Kentin varoşlarında yaşayan “gururlu göçebeler” ve köylerde yaşayan “köylüler” ile yapılan görüşmelerde, kadının “gerçek akraba” olarak görülmediği, ancak namus nedeniyle “tam yabancı da” olmadığı anlatılıyor. Bu gruptan bir görüşmeci şunları söylüyor:

“Kadın nihayetinde kadındır, okusa da çalışsa da… Sonuçta yani erkekten farklıdır. Yani erkek şeydir, güçlü. Bir de yani düşün ki çocuk onundur, çünkü onun dölüdür yani o şey edendir… kadın edilen. Yani icabında insan kendi şerefi için kadını kapatır, gerekirse öldürür.”

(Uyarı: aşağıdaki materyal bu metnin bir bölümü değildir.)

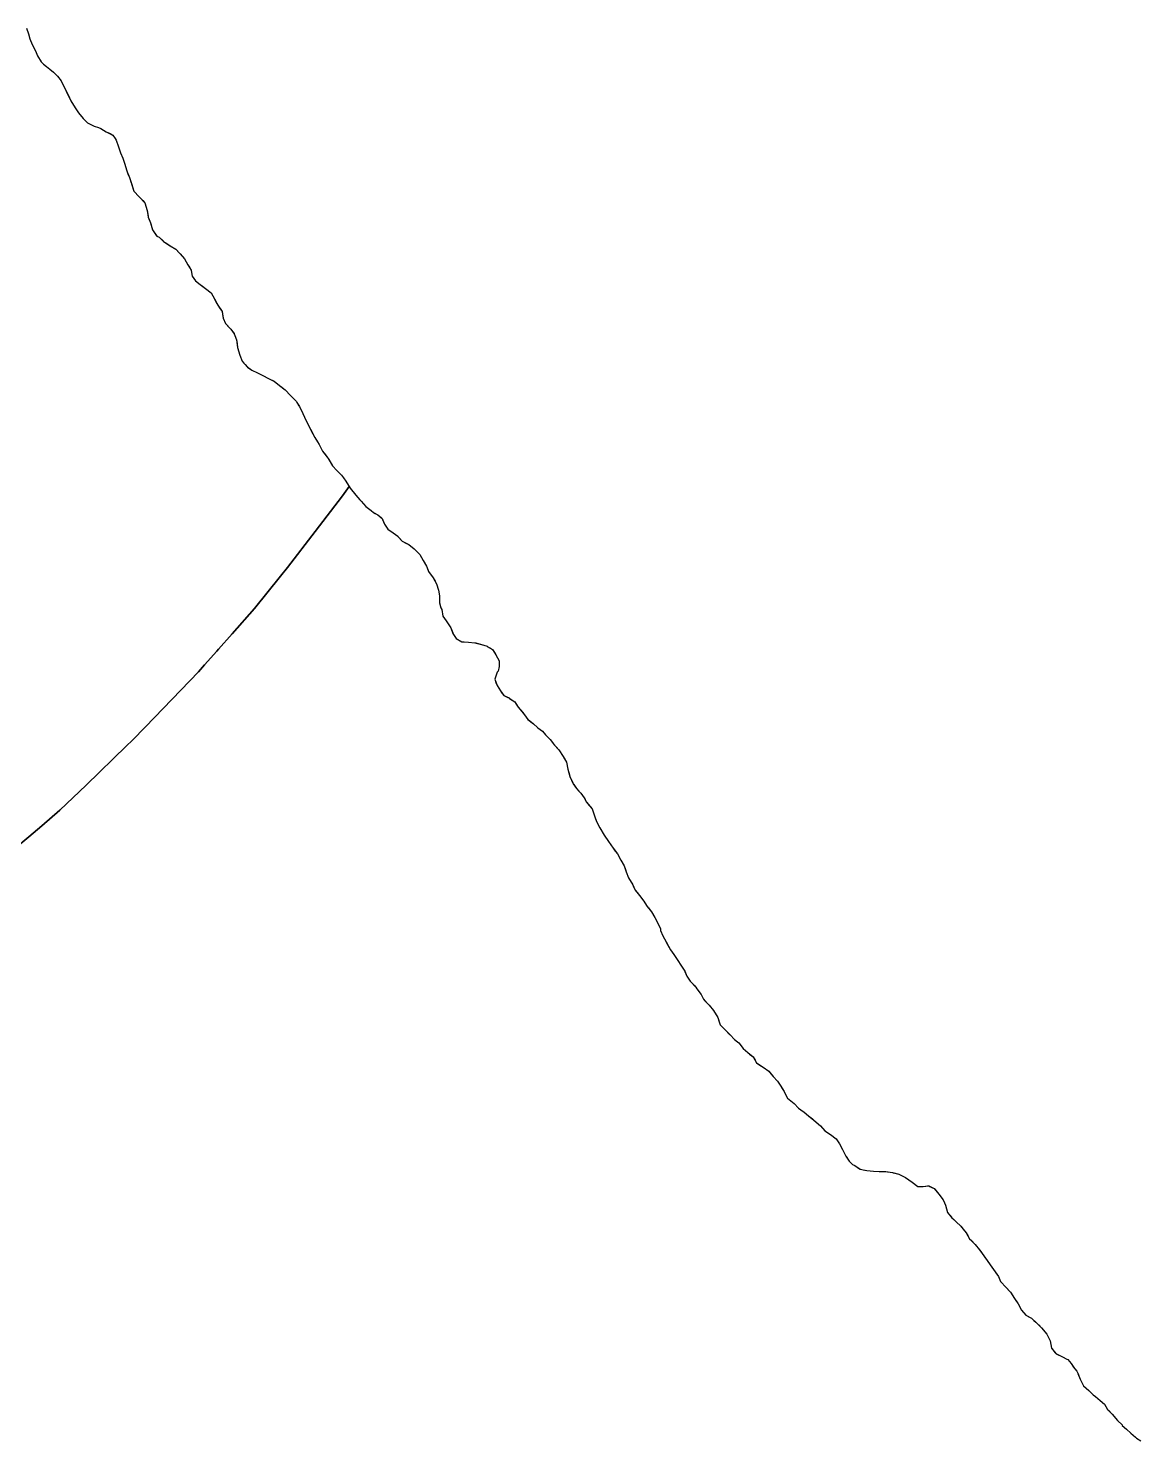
# Model space of a CAD drawing. Header units: inches. Extents: x 11258954 to 11313122, y 3645444 to 3695200.
# Drawn here: x 11298389 to 11299397, y 3672631 to 3673909 of the extents above; entities that cross this region are included whole.
import ezdxf

# ---------------------------------------------------------------- set-up
doc = ezdxf.new("R2010")
doc.units = ezdxf.units.IN
doc.header["$MEASUREMENT"] = 0
for name, color, linetype in [('SchoolBoardDistrict', 253, 'Continuous'), ('SchoolZone_Elementary', 251, 'Continuous'), ('SchoolZone_High', 63, 'Continuous'), ('SchoolZone_Middle', 154, 'Continuous')]:
    doc.layers.add(name, color=color, linetype=linetype)

msp = doc.modelspace()

# ---------------------------------------------------------------- linework, layer by layer
at = {"layer": 'SchoolBoardDistrict'}
for points in [[(11298387.9205, 3673909.2775), (11298389.6155, 3673904.2575), (11298390.97, 3673899.7815), (11298393.071, 3673894.6565), (11298396, 3673888.75), (11298397.8675, 3673884.2205), (11298401.192, 3673878.683), (11298403.0735, 3673876.8325), (11298403.104, 3673876.808), (11298405.8395, 3673874.613), (11298408.978, 3673872.158), (11298412.236, 3673869.3345), (11298415.7965, 3673865.792), (11298419.3325, 3673861.476), (11298425.7085, 3673848.2525), (11298428, 3673843.5), (11298432, 3673837), (11298435, 3673832.5), (11298439, 3673827.5), (11298443, 3673823.5), (11298443.1, 3673823.45), (11298449, 3673820.5), (11298453, 3673819.25), (11298455, 3673818.5), (11298460, 3673815.5), (11298463.4695, 3673813.7655), (11298466, 3673812.5), (11298468, 3673809.5), (11298469, 3673808), (11298471, 3673801.75), (11298471.303, 3673800.9165), (11298473, 3673796.25), (11298475, 3673791.5), (11298477, 3673786.25), (11298478.47, 3673781.1045), (11298479, 3673779.25), (11298479.6685, 3673777.4945), (11298481, 3673774), (11298482.7325, 3673769.2355), (11298483, 3673768.5), (11298483.0575, 3673768.2995), (11298485, 3673761.5), (11298490, 3673756.5), (11298493.1365, 3673753.05), (11298495, 3673751), (11298497, 3673744), (11298497.858, 3673738.8535), (11298498, 3673738), (11298498.1745, 3673737.564), (11298500, 3673733), (11298500.2785, 3673732.094), (11298502, 3673726.5), (11298505.6455, 3673721.259), (11298506, 3673720.75), (11298508, 3673720), (11298511.465, 3673716.535), (11298512, 3673716), (11298514.0445, 3673714.722), (11298518, 3673712.25), (11298523, 3673709), (11298525.73, 3673706.099), (11298527, 3673704.75), (11298531, 3673700.25), (11298534, 3673695), (11298535.392, 3673692.68), (11298537, 3673690), (11298537.681, 3673686.2545), (11298538, 3673684.5), (11298541, 3673680.5), (11298545, 3673677), (11298547.0745, 3673675.5485), (11298550, 3673673.5), (11298555, 3673669.5), (11298558, 3673664.25), (11298559.431, 3673661.5075), (11298561, 3673658.5), (11298562.6885, 3673655.9675), (11298565, 3673652.5), (11298565.415, 3673650.009), (11298566, 3673646.5), (11298568, 3673641.75), (11298571.4015, 3673638.1785), (11298573, 3673636.5), (11298574.7365, 3673634.185), (11298575.757, 3673632.824), (11298576, 3673632.5), (11298576.301, 3673631.672), (11298576.542, 3673631.009), (11298578, 3673627), (11298578.4625, 3673623.761), (11298579, 3673620), (11298581, 3673613), (11298583, 3673607.75), (11298584.7305, 3673605.8465), (11298585.712, 3673604.7665), (11298588, 3673602.25), (11298589.5125, 3673601.2105), (11298590.315, 3673600.6585), (11298592, 3673599.5), (11298597, 3673597), (11298602, 3673594.75), (11298607, 3673592), (11298611.199, 3673589.9005), (11298612, 3673589.5), (11298615.5215, 3673586.6825), (11298617, 3673585.5), (11298619.0825, 3673583.938), (11298622, 3673581.75), (11298627, 3673576.5), (11298632, 3673571.5), (11298634.571, 3673567.2155), (11298635, 3673566.5), (11298638, 3673560.25), (11298641, 3673553.5), (11298641.649, 3673552.2825), (11298645, 3673546), (11298645.732, 3673544.6275), (11298649, 3673538.5), (11298651.3755, 3673534.6395), (11298653, 3673532), (11298656, 3673526), (11298658.53, 3673522.6795), (11298660, 3673520.75), (11298661, 3673519.5), (11298661.6025, 3673518.4825), (11298665, 3673512.75), (11298669, 3673508.5), (11298670.6015, 3673506.8985), (11298673, 3673504.5), (11298675, 3673502), (11298677, 3673499), (11298679.964, 3673494.1835), (11298674, 3673485.75), (11298649.1485, 3673453.2415), (11298624.297, 3673420.733), (11298618, 3673412.75), (11298594.201, 3673383.602), (11298574.048, 3673360.6285), (11298561.736, 3673346.594), (11298560.1645, 3673344.8415), (11298549.1195, 3673332.5255), (11298543.454, 3673326.208), (11298495.5425, 3673276.4065), (11298483.534, 3673263.924), (11298478.456, 3673259.049), (11298441.754, 3673223.656), (11298418, 3673200.75), (11298401.7055, 3673186.7835), (11298390, 3673176.75), (11298363.722, 3673154.8515)], [(11298363.722, 3673154.8515), (11298390, 3673176.75), (11298401.7055, 3673186.7835), (11298418, 3673200.75), (11298441.754, 3673223.656), (11298478.456, 3673259.049), (11298483.534, 3673263.924), (11298495.5425, 3673276.4065), (11298543.454, 3673326.208), (11298549.1195, 3673332.5255), (11298560.1645, 3673344.8415), (11298561.736, 3673346.594), (11298574.048, 3673360.6285), (11298594.201, 3673383.602), (11298618, 3673412.75), (11298624.297, 3673420.733), (11298649.1485, 3673453.2415), (11298674, 3673485.75), (11298679.964, 3673494.1835), (11298681, 3673492.5), (11298686, 3673486.25), (11298689.787, 3673482.0845), (11298691, 3673480.75), (11298695, 3673476), (11298700, 3673472.5), (11298702, 3673470.5), (11298703.518, 3673469.741), (11298705.548, 3673468.726), (11298706, 3673468.5), (11298708.942, 3673465.926), (11298710, 3673465), (11298710.281, 3673464.298), (11298712, 3673460), (11298715, 3673455.5), (11298719.5885, 3673452.288), (11298720, 3673452), (11298724, 3673449), (11298724, 3673448.75), (11298725.5085, 3673447.1475), (11298728, 3673444.5), (11298731.9215, 3673442.5395), (11298734, 3673441.5), (11298739, 3673437.5), (11298744, 3673432.5), (11298747, 3673427), (11298750, 3673422), (11298751.2035, 3673418.992), (11298752, 3673417), (11298754.6605, 3673413.342), (11298756, 3673411.5), (11298757.7925, 3673408.2135), (11298759, 3673406), (11298761, 3673400.25), (11298762, 3673395), (11298762, 3673388.75), (11298763, 3673384.25), (11298763.447, 3673383.58), (11298764, 3673382.75), (11298765, 3673376.75), (11298768, 3673372.25), (11298772, 3673366), (11298773.8405, 3673361.3995), (11298774, 3673361), (11298777, 3673356.5), (11298782, 3673353.5), (11298784.156, 3673353.3205), (11298788, 3673353), (11298794, 3673352.5), (11298794.729, 3673352.318), (11298800, 3673351), (11298801.2515, 3673350.625), (11298805, 3673349.5), (11298805, 3673349.25), (11298806.3265, 3673348.5205), (11298808.024, 3673347.587), (11298810, 3673346.5), (11298810.573, 3673345.545), (11298812.2305, 3673342.7825), (11298813, 3673341.5), (11298816, 3673336.25), (11298816, 3673331), (11298815, 3673326.75), (11298814.4775, 3673326.2275), (11298814, 3673325.75), (11298812, 3673319.5), (11298813.017, 3673316.576), (11298814, 3673313.75), (11298817, 3673309), (11298817.816, 3673307.8435), (11298820, 3673304.75), (11298823.8875, 3673303.0005), (11298825, 3673302.5), (11298825, 3673302.404), (11298825, 3673302.25), (11298826.086, 3673301.544), (11298830, 3673299), (11298831.3065, 3673296.931), (11298833, 3673294.25), (11298837.3675, 3673289.227), (11298838, 3673288.5), (11298838.84, 3673287.3445), (11298842, 3673283), (11298842.046, 3673282.963), (11298847, 3673279), (11298850.555, 3673275.889), (11298851, 3673275.5), (11298852.979, 3673274.0155), (11298852.999, 3673274.0005), (11298855, 3673272.5), (11298856.3895, 3673270.8785), (11298858, 3673269), (11298861.5625, 3673265.4375), (11298862, 3673265), (11298862.153, 3673264.7955), (11298865, 3673261), (11298865.5375, 3673260.409), (11298870, 3673255.5), (11298874, 3673249.5), (11298875.2085, 3673247.385), (11298877, 3673244.25), (11298878, 3673238), (11298878.875, 3673235.047), (11298879.484, 3673232.9915), (11298880, 3673231.25), (11298882.1785, 3673226.53), (11298883, 3673224.75), (11298883.463, 3673224.094), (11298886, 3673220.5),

Yapılan görüşmelerde namusun kendileri için geçerli olmadığını söyleyen orta ve üst sınıf mensubu kadın ve erkekler de var. Bu görüşmecilere göre namus, geri kalmış ilkel insanların değeri. Ama dil böyle dese de gönül başka telden çalıyor:

“Şimdi ben eğitimli biriyim ne bende ne de ailemde namus diye bir şey yoktur. Kadın da her şeyden önce erkek gibi insandır. Ama bizim için de bazı değerler önemli, adına namus demeyelim… Ama kadın asla erkek gibi olamaz. Yani o kadar rahat olamaz. Erkeklerle çok rahat iletişim, giyim tarzı, davranışlar. Ne bileyim istediğimle gezerim, istediğim gibi giyinirim veya istediğim saatte eve girer çıkarım diyemez. Yani ben ona güvenmediğimden değil insanlara güvenmediğimden. O da zaten aklı, bana olan sevgisi ve eğitimiyle bunları bilir öyle davranır.”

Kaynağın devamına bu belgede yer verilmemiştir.